▶ [To do]: From the records below, print exactly the lines starting at the one containing "normal blind 284.5" and ending at the one containing "arc A1 (44.6656, 225.9286)", ends included, and nothing else.

Stored entries:
━━━━
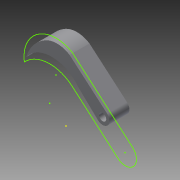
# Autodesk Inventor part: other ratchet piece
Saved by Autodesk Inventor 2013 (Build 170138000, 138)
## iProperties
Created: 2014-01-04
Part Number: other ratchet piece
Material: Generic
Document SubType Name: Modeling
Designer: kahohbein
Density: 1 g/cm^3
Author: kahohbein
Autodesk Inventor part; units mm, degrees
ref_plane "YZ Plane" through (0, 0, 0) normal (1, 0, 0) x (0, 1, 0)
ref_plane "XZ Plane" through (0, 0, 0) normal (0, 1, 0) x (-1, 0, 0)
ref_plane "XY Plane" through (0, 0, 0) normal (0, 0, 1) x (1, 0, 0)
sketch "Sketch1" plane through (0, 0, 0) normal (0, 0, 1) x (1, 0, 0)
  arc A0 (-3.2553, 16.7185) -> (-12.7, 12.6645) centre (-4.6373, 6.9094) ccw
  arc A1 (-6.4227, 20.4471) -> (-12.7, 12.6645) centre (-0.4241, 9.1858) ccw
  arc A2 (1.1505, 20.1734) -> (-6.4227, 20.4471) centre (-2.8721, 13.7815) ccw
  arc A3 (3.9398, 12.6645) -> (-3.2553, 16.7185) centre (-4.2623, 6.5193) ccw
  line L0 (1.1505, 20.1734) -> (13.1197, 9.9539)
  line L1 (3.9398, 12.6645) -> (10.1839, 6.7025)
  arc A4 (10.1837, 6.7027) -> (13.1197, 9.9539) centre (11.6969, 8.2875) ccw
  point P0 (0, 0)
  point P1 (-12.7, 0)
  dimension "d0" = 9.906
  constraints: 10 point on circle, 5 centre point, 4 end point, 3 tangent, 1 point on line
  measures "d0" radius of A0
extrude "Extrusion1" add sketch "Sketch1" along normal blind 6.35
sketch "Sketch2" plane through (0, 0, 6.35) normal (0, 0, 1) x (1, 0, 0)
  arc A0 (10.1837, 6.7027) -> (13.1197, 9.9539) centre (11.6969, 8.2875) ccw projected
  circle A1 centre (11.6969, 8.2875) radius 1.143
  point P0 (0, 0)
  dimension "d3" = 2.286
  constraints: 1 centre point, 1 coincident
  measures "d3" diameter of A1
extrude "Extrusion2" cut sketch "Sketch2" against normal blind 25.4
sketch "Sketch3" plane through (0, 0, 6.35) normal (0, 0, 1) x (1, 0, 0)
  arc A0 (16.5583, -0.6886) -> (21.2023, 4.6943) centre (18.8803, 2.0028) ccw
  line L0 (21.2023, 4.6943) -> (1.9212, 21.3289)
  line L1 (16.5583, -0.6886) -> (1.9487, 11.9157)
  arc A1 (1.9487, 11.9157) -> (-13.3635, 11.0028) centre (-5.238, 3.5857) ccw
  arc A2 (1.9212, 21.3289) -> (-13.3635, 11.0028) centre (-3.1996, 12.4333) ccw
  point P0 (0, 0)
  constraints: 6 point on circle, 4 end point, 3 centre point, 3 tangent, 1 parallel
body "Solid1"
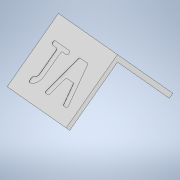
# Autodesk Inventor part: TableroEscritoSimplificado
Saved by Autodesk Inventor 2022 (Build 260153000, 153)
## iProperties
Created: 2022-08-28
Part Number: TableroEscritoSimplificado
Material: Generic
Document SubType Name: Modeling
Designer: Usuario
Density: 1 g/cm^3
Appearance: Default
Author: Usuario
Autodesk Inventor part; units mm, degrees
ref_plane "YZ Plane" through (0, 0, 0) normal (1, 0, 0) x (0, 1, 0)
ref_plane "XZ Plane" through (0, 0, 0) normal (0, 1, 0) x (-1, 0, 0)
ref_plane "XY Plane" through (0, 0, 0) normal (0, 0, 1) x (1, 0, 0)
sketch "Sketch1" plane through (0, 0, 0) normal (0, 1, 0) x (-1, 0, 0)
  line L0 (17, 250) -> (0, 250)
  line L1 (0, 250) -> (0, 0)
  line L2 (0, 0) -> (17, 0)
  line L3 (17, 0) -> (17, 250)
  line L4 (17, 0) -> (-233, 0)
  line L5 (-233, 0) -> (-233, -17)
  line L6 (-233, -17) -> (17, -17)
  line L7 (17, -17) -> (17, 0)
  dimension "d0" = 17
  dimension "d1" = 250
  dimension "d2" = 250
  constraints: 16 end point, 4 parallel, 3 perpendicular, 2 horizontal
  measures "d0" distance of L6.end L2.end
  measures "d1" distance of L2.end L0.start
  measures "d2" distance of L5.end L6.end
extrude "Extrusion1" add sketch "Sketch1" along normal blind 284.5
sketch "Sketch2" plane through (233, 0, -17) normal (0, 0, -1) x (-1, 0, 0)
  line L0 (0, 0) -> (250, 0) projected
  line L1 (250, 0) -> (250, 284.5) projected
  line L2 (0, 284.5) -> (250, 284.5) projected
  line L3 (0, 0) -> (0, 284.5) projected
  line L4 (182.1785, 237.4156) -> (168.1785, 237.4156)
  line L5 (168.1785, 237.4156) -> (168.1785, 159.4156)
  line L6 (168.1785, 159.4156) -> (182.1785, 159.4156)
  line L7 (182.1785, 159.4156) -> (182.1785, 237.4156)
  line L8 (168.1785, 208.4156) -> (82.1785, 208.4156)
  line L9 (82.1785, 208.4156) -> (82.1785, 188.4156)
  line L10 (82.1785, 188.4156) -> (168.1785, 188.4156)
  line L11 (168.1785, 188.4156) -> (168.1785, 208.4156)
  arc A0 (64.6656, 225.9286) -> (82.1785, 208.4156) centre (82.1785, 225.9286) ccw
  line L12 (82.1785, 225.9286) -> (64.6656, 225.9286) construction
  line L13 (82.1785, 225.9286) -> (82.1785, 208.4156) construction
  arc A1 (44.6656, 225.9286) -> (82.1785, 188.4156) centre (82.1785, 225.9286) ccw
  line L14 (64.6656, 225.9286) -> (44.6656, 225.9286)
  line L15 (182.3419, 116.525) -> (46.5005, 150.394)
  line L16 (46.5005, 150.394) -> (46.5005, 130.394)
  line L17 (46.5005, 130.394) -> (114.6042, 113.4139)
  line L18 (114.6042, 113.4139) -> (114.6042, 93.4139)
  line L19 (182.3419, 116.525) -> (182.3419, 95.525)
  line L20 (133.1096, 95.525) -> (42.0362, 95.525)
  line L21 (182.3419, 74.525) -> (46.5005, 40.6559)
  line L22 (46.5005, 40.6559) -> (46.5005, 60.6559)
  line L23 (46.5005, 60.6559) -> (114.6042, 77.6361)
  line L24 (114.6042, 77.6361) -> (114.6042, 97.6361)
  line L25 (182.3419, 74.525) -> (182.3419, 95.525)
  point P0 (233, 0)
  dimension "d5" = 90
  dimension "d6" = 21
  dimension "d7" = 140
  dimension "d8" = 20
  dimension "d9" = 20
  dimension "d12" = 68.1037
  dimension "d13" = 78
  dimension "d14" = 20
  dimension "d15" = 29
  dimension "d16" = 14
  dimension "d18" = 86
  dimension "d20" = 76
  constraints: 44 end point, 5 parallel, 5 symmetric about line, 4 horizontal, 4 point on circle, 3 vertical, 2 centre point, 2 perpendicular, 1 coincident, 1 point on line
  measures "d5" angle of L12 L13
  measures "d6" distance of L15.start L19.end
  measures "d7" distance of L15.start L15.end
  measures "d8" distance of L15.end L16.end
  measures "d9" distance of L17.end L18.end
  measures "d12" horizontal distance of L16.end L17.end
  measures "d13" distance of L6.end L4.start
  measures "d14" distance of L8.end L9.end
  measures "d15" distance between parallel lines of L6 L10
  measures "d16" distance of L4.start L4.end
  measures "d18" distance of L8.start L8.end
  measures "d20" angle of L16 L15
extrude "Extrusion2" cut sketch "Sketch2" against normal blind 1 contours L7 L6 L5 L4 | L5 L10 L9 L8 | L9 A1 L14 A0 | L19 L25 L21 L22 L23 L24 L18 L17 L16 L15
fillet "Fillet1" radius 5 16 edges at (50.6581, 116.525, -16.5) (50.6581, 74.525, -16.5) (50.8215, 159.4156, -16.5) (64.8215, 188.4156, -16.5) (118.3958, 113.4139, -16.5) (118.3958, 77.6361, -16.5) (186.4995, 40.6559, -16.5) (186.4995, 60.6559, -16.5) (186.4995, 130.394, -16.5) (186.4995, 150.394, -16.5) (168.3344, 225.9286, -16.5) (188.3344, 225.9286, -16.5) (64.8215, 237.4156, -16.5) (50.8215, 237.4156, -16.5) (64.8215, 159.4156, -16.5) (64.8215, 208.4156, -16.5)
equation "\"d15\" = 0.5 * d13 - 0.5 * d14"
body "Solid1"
━━━━
▶ [Task response]:
extrude "Extrusion1" add sketch "Sketch1" along normal blind 284.5
sketch "Sketch2" plane through (233, 0, -17) normal (0, 0, -1) x (-1, 0, 0)
  line L0 (0, 0) -> (250, 0) projected
  line L1 (250, 0) -> (250, 284.5) projected
  line L2 (0, 284.5) -> (250, 284.5) projected
  line L3 (0, 0) -> (0, 284.5) projected
  line L4 (182.1785, 237.4156) -> (168.1785, 237.4156)
  line L5 (168.1785, 237.4156) -> (168.1785, 159.4156)
  line L6 (168.1785, 159.4156) -> (182.1785, 159.4156)
  line L7 (182.1785, 159.4156) -> (182.1785, 237.4156)
  line L8 (168.1785, 208.4156) -> (82.1785, 208.4156)
  line L9 (82.1785, 208.4156) -> (82.1785, 188.4156)
  line L10 (82.1785, 188.4156) -> (168.1785, 188.4156)
  line L11 (168.1785, 188.4156) -> (168.1785, 208.4156)
  arc A0 (64.6656, 225.9286) -> (82.1785, 208.4156) centre (82.1785, 225.9286) ccw
  line L12 (82.1785, 225.9286) -> (64.6656, 225.9286) construction
  line L13 (82.1785, 225.9286) -> (82.1785, 208.4156) construction
  arc A1 (44.6656, 225.9286) -> (82.1785, 188.4156) centre (82.1785, 225.9286) ccw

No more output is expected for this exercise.